Requirement = Report only how many lines of the entries below contain the string "rectangle".

Data section =
• • • • •
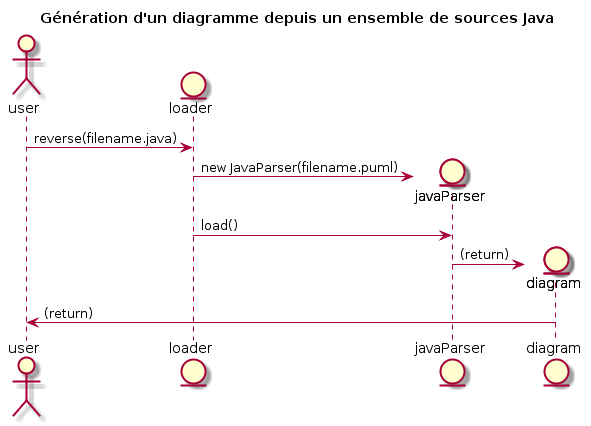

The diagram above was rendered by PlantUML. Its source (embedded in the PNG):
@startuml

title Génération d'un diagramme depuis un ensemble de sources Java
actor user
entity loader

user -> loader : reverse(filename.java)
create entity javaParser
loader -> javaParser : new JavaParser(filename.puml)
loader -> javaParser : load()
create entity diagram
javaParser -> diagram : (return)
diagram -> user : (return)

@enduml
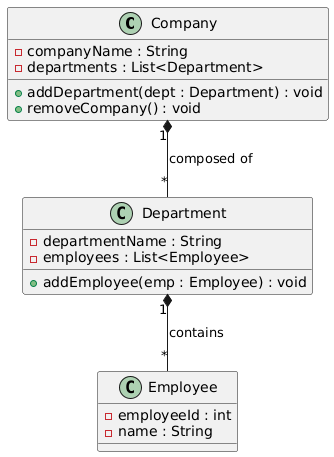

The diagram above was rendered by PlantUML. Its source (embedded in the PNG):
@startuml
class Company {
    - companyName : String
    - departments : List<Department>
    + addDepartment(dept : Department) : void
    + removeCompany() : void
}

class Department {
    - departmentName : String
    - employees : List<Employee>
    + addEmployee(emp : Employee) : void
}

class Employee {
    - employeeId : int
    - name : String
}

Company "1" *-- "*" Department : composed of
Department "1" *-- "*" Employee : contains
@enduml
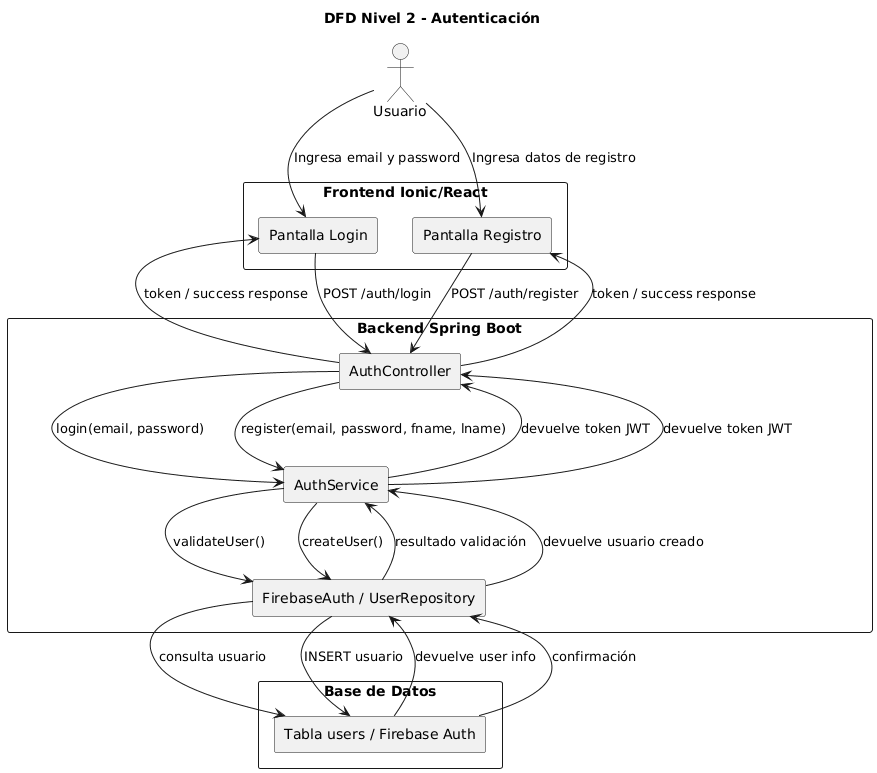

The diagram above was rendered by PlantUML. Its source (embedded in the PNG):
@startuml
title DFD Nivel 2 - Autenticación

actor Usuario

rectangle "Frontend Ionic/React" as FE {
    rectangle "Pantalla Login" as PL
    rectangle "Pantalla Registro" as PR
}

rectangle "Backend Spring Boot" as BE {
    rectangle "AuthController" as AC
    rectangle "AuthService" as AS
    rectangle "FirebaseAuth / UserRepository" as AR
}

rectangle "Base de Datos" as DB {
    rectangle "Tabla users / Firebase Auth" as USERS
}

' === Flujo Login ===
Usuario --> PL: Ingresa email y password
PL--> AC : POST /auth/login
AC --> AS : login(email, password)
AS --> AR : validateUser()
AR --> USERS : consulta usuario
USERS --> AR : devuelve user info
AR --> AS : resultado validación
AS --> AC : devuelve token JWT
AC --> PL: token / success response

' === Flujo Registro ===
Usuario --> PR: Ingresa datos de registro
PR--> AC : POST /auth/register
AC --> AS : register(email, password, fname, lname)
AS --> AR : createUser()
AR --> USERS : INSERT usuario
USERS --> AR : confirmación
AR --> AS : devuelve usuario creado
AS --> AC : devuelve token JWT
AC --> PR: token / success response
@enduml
• • • • •
Task output = 9